**Work to complete:** Somewhere below, one line contains "#11,#12)) REPRESENTATION_CONTEXT('',''));" and a later line contains "#74=DIRECTION('',(0.,-1.,0.));". Output those two lines and everything between them exactly, and nothing else.

· · · · · · ·

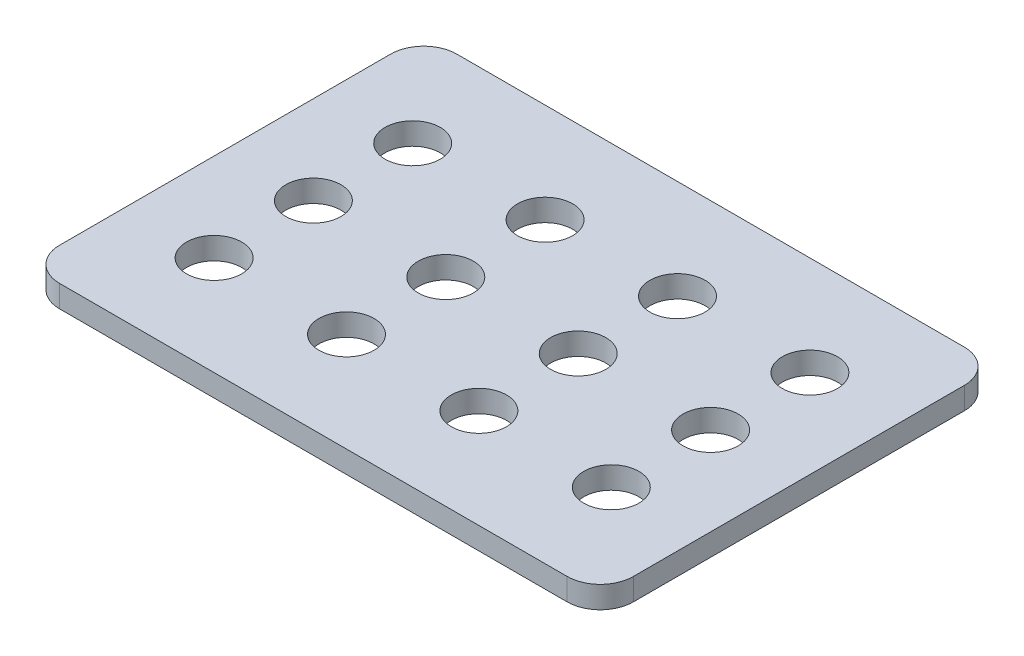
ISO-10303-21;
HEADER;
FILE_DESCRIPTION(('STEP AP214'),'2;1');
FILE_NAME('part.step','',(''),(''),'','','');
FILE_SCHEMA(('AUTOMOTIVE_DESIGN { 1 0 10303 214 1 1 1 1 }'));
ENDSEC;
DATA;
#1=APPLICATION_CONTEXT('core data for automotive mechanical design processes');
#2=APPLICATION_PROTOCOL_DEFINITION('international standard','automotive_design',2000,#1);
#3=PRODUCT_CONTEXT('',#1,'mechanical');
#4=PRODUCT('Part','Part','',(#3));
#5=PRODUCT_RELATED_PRODUCT_CATEGORY('part','',(#4));
#6=PRODUCT_DEFINITION_FORMATION('','',#4);
#7=PRODUCT_DEFINITION_CONTEXT('part definition',#1,'design');
#8=PRODUCT_DEFINITION('design','',#6,#7);
#9=PRODUCT_DEFINITION_SHAPE('','',#8);
#10=(LENGTH_UNIT() NAMED_UNIT(*) SI_UNIT(.MILLI.,.METRE.));
#11=(NAMED_UNIT(*) PLANE_ANGLE_UNIT() SI_UNIT($,.RADIAN.));
#12=(NAMED_UNIT(*) SI_UNIT($,.STERADIAN.) SOLID_ANGLE_UNIT());
#13=UNCERTAINTY_MEASURE_WITH_UNIT(LENGTH_MEASURE(1.E-05),#10,'distance_accuracy_value','');
#14=(GEOMETRIC_REPRESENTATION_CONTEXT(3) GLOBAL_UNCERTAINTY_ASSIGNED_CONTEXT((#13)) GLOBAL_UNIT_ASSIGNED_CONTEXT((#10,
#11,#12)) REPRESENTATION_CONTEXT('',''));
#15=CARTESIAN_POINT('',(0.,0.,0.));
#16=DIRECTION('',(0.,0.,1.));
#17=DIRECTION('',(1.,0.,0.));
#18=AXIS2_PLACEMENT_3D('',#15,#16,#17);
#19=CARTESIAN_POINT('',(15.,10.,-15.));
#20=DIRECTION('',(0.,-1.,0.));
#21=DIRECTION('',(0.,0.,-1.));
#22=AXIS2_PLACEMENT_3D('',#19,#20,#21);
#23=CYLINDRICAL_SURFACE('',#22,15.);
#24=CARTESIAN_POINT('',(15.,0.,-15.));
#25=DIRECTION('',(0.,1.,0.));
#26=DIRECTION('',(0.,0.,1.));
#27=AXIS2_PLACEMENT_3D('',#24,#25,#26);
#28=CIRCLE('',#27,15.);
#29=CARTESIAN_POINT('',(15.0000000000001,0.,0.));
#30=VERTEX_POINT('',#29);
#31=CARTESIAN_POINT('',(0.,0.,-15.0000000000001));
#32=VERTEX_POINT('',#31);
#33=EDGE_CURVE('E196',#30,#32,#28,.F.);
#34=ORIENTED_EDGE('',*,*,#33,.F.);
#35=DIRECTION('',(0.,-1.,0.));
#36=VECTOR('',#35,1.);
#37=CARTESIAN_POINT('',(15.0000000000001,10.,0.));
#38=LINE('',#37,#36);
#39=CARTESIAN_POINT('',(15.0000000000001,10.,0.));
#40=VERTEX_POINT('',#39);
#41=EDGE_CURVE('E11',#40,#30,#38,.T.);
#42=ORIENTED_EDGE('',*,*,#41,.F.);
#43=CARTESIAN_POINT('',(15.,10.,-15.));
#44=DIRECTION('',(0.,1.,0.));
#45=DIRECTION('',(0.,0.,1.));
#46=AXIS2_PLACEMENT_3D('',#43,#44,#45);
#47=CIRCLE('',#46,15.);
#48=CARTESIAN_POINT('',(0.,10.,-15.0000000000001));
#49=VERTEX_POINT('',#48);
#50=EDGE_CURVE('E511',#40,#49,#47,.F.);
#51=ORIENTED_EDGE('',*,*,#50,.T.);
#52=DIRECTION('',(0.,-1.,0.));
#53=VECTOR('',#52,1.);
#54=CARTESIAN_POINT('',(0.,10.,-15.0000000000001));
#55=LINE('',#54,#53);
#56=EDGE_CURVE('E62',#49,#32,#55,.T.);
#57=ORIENTED_EDGE('',*,*,#56,.T.);
#58=EDGE_LOOP('',(#34,#42,#51,#57));
#59=FACE_BOUND('',#58,.T.);
#60=ADVANCED_FACE('F50',(#59),#23,.T.);
#61=CARTESIAN_POINT('',(0.,10.,0.));
#62=DIRECTION('',(0.,0.,-1.));
#63=DIRECTION('',(-1.,0.,0.));
#64=AXIS2_PLACEMENT_3D('',#61,#62,#63);
#65=PLANE('',#64);
#66=DIRECTION('',(1.,0.,0.));
#67=VECTOR('',#66,1.);
#68=CARTESIAN_POINT('',(0.,0.,0.));
#69=LINE('',#68,#67);
#70=CARTESIAN_POINT('',(245.,0.,0.));
#71=VERTEX_POINT('',#70);
#72=EDGE_CURVE('E203',#30,#71,#69,.T.);
#73=ORIENTED_EDGE('',*,*,#72,.T.);
#74=DIRECTION('',(0.,-1.,0.));
#75=VECTOR('',#74,1.);
#76=CARTESIAN_POINT('',(245.,10.,0.));
#77=LINE('',#76,#75);
#78=CARTESIAN_POINT('',(245.,10.,0.));
#79=VERTEX_POINT('',#78);
#80=EDGE_CURVE('E60',#79,#71,#77,.T.);
#81=ORIENTED_EDGE('',*,*,#80,.F.);
#82=DIRECTION('',(1.,0.,0.));
#83=VECTOR('',#82,1.);
#84=CARTESIAN_POINT('',(0.,10.,0.));
#85=LINE('',#84,#83);
#86=EDGE_CURVE('E508',#40,#79,#85,.T.);
#87=ORIENTED_EDGE('',*,*,#86,.F.);
#88=ORIENTED_EDGE('',*,*,#41,.T.);
#89=EDGE_LOOP('',(#73,#81,#87,#88));
#90=FACE_BOUND('',#89,.T.);
#91=ADVANCED_FACE('F273',(#90),#65,.F.);
#92=CARTESIAN_POINT('',(245.,10.,-15.));
#93=DIRECTION('',(0.,-1.,0.));
#94=DIRECTION('',(0.,0.,-1.));
#95=AXIS2_PLACEMENT_3D('',#92,#93,#94);
#96=CYLINDRICAL_SURFACE('',#95,15.);
#97=CARTESIAN_POINT('',(245.,0.,-15.));
#98=DIRECTION('',(0.,1.,0.));
#99=DIRECTION('',(0.,0.,1.));
#100=AXIS2_PLACEMENT_3D('',#97,#98,#99);
#101=CIRCLE('',#100,15.);
#102=CARTESIAN_POINT('',(260.,0.,-15.0000000000001));
#103=VERTEX_POINT('',#102);
#104=EDGE_CURVE('E202',#71,#103,#101,.T.);
#105=ORIENTED_EDGE('',*,*,#104,.T.);
#106=DIRECTION('',(0.,-1.,0.));
#107=VECTOR('',#106,1.);
#108=CARTESIAN_POINT('',(260.,10.,-15.0000000000001));
#109=LINE('',#108,#107);
#110=CARTESIAN_POINT('',(260.,10.,-15.0000000000001));
#111=VERTEX_POINT('',#110);
#112=EDGE_CURVE('E257',#111,#103,#109,.T.);
#113=ORIENTED_EDGE('',*,*,#112,.F.);
#114=CARTESIAN_POINT('',(245.,10.,-15.));
#115=DIRECTION('',(0.,1.,0.));
#116=DIRECTION('',(0.,0.,1.));
#117=AXIS2_PLACEMENT_3D('',#114,#115,#116);
#118=CIRCLE('',#117,15.);
#119=EDGE_CURVE('E269',#79,#111,#118,.T.);
#120=ORIENTED_EDGE('',*,*,#119,.F.);
#121=ORIENTED_EDGE('',*,*,#80,.T.);
#122=EDGE_LOOP('',(#105,#113,#120,#121));
#123=FACE_BOUND('',#122,.T.);
#124=ADVANCED_FACE('F270',(#123),#96,.T.);
#125=CARTESIAN_POINT('',(260.,10.,0.));
#126=DIRECTION('',(-1.,0.,0.));
#127=DIRECTION('',(0.,0.,1.));
#128=AXIS2_PLACEMENT_3D('',#125,#126,#127);
#129=PLANE('',#128);
#130=DIRECTION('',(0.,0.,-1.));
#131=VECTOR('',#130,1.);
#132=CARTESIAN_POINT('',(260.,0.,0.));
#133=LINE('',#132,#131);
#134=CARTESIAN_POINT('',(260.,0.,-165.));
#135=VERTEX_POINT('',#134);
#136=EDGE_CURVE('E207',#103,#135,#133,.T.);
#137=ORIENTED_EDGE('',*,*,#136,.T.);
#138=DIRECTION('',(0.,-1.,0.));
#139=VECTOR('',#138,1.);
#140=CARTESIAN_POINT('',(260.,10.,-165.));
#141=LINE('',#140,#139);
#142=CARTESIAN_POINT('',(260.,10.,-165.));
#143=VERTEX_POINT('',#142);
#144=EDGE_CURVE('E260',#143,#135,#141,.T.);
#145=ORIENTED_EDGE('',*,*,#144,.F.);
#146=DIRECTION('',(0.,0.,-1.));
#147=VECTOR('',#146,1.);
#148=CARTESIAN_POINT('',(260.,10.,0.));
#149=LINE('',#148,#147);
#150=EDGE_CURVE('E145',#111,#143,#149,.T.);
#151=ORIENTED_EDGE('',*,*,#150,.F.);
#152=ORIENTED_EDGE('',*,*,#112,.T.);
#153=EDGE_LOOP('',(#137,#145,#151,#152));
#154=FACE_BOUND('',#153,.T.);
#155=ADVANCED_FACE('F369',(#154),#129,.F.);
#156=CARTESIAN_POINT('',(245.,10.,-165.));
#157=DIRECTION('',(0.,-1.,0.));
#158=DIRECTION('',(0.,0.,-1.));
#159=AXIS2_PLACEMENT_3D('',#156,#157,#158);
#160=CYLINDRICAL_SURFACE('',#159,15.);
#161=CARTESIAN_POINT('',(245.,0.,-165.));
#162=DIRECTION('',(0.,1.,0.));
#163=DIRECTION('',(0.,0.,1.));
#164=AXIS2_PLACEMENT_3D('',#161,#162,#163);
#165=CIRCLE('',#164,15.);
#166=CARTESIAN_POINT('',(245.,0.,-180.));
#167=VERTEX_POINT('',#166);
#168=EDGE_CURVE('E213',#167,#135,#165,.F.);
#169=ORIENTED_EDGE('',*,*,#168,.F.);
#170=DIRECTION('',(0.,-1.,0.));
#171=VECTOR('',#170,1.);
#172=CARTESIAN_POINT('',(245.,10.,-180.));
#173=LINE('',#172,#171);
#174=CARTESIAN_POINT('',(245.,10.,-180.));
#175=VERTEX_POINT('',#174);
#176=EDGE_CURVE('E127',#175,#167,#173,.T.);
#177=ORIENTED_EDGE('',*,*,#176,.F.);
#178=CARTESIAN_POINT('',(245.,10.,-165.));
#179=DIRECTION('',(0.,1.,0.));
#180=DIRECTION('',(0.,0.,1.));
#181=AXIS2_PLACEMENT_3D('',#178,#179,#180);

· · · · · · ·

**Problem solution:**
#11,#12)) REPRESENTATION_CONTEXT('',''));
#15=CARTESIAN_POINT('',(0.,0.,0.));
#16=DIRECTION('',(0.,0.,1.));
#17=DIRECTION('',(1.,0.,0.));
#18=AXIS2_PLACEMENT_3D('',#15,#16,#17);
#19=CARTESIAN_POINT('',(15.,10.,-15.));
#20=DIRECTION('',(0.,-1.,0.));
#21=DIRECTION('',(0.,0.,-1.));
#22=AXIS2_PLACEMENT_3D('',#19,#20,#21);
#23=CYLINDRICAL_SURFACE('',#22,15.);
#24=CARTESIAN_POINT('',(15.,0.,-15.));
#25=DIRECTION('',(0.,1.,0.));
#26=DIRECTION('',(0.,0.,1.));
#27=AXIS2_PLACEMENT_3D('',#24,#25,#26);
#28=CIRCLE('',#27,15.);
#29=CARTESIAN_POINT('',(15.0000000000001,0.,0.));
#30=VERTEX_POINT('',#29);
#31=CARTESIAN_POINT('',(0.,0.,-15.0000000000001));
#32=VERTEX_POINT('',#31);
#33=EDGE_CURVE('E196',#30,#32,#28,.F.);
#34=ORIENTED_EDGE('',*,*,#33,.F.);
#35=DIRECTION('',(0.,-1.,0.));
#36=VECTOR('',#35,1.);
#37=CARTESIAN_POINT('',(15.0000000000001,10.,0.));
#38=LINE('',#37,#36);
#39=CARTESIAN_POINT('',(15.0000000000001,10.,0.));
#40=VERTEX_POINT('',#39);
#41=EDGE_CURVE('E11',#40,#30,#38,.T.);
#42=ORIENTED_EDGE('',*,*,#41,.F.);
#43=CARTESIAN_POINT('',(15.,10.,-15.));
#44=DIRECTION('',(0.,1.,0.));
#45=DIRECTION('',(0.,0.,1.));
#46=AXIS2_PLACEMENT_3D('',#43,#44,#45);
#47=CIRCLE('',#46,15.);
#48=CARTESIAN_POINT('',(0.,10.,-15.0000000000001));
#49=VERTEX_POINT('',#48);
#50=EDGE_CURVE('E511',#40,#49,#47,.F.);
#51=ORIENTED_EDGE('',*,*,#50,.T.);
#52=DIRECTION('',(0.,-1.,0.));
#53=VECTOR('',#52,1.);
#54=CARTESIAN_POINT('',(0.,10.,-15.0000000000001));
#55=LINE('',#54,#53);
#56=EDGE_CURVE('E62',#49,#32,#55,.T.);
#57=ORIENTED_EDGE('',*,*,#56,.T.);
#58=EDGE_LOOP('',(#34,#42,#51,#57));
#59=FACE_BOUND('',#58,.T.);
#60=ADVANCED_FACE('F50',(#59),#23,.T.);
#61=CARTESIAN_POINT('',(0.,10.,0.));
#62=DIRECTION('',(0.,0.,-1.));
#63=DIRECTION('',(-1.,0.,0.));
#64=AXIS2_PLACEMENT_3D('',#61,#62,#63);
#65=PLANE('',#64);
#66=DIRECTION('',(1.,0.,0.));
#67=VECTOR('',#66,1.);
#68=CARTESIAN_POINT('',(0.,0.,0.));
#69=LINE('',#68,#67);
#70=CARTESIAN_POINT('',(245.,0.,0.));
#71=VERTEX_POINT('',#70);
#72=EDGE_CURVE('E203',#30,#71,#69,.T.);
#73=ORIENTED_EDGE('',*,*,#72,.T.);
#74=DIRECTION('',(0.,-1.,0.));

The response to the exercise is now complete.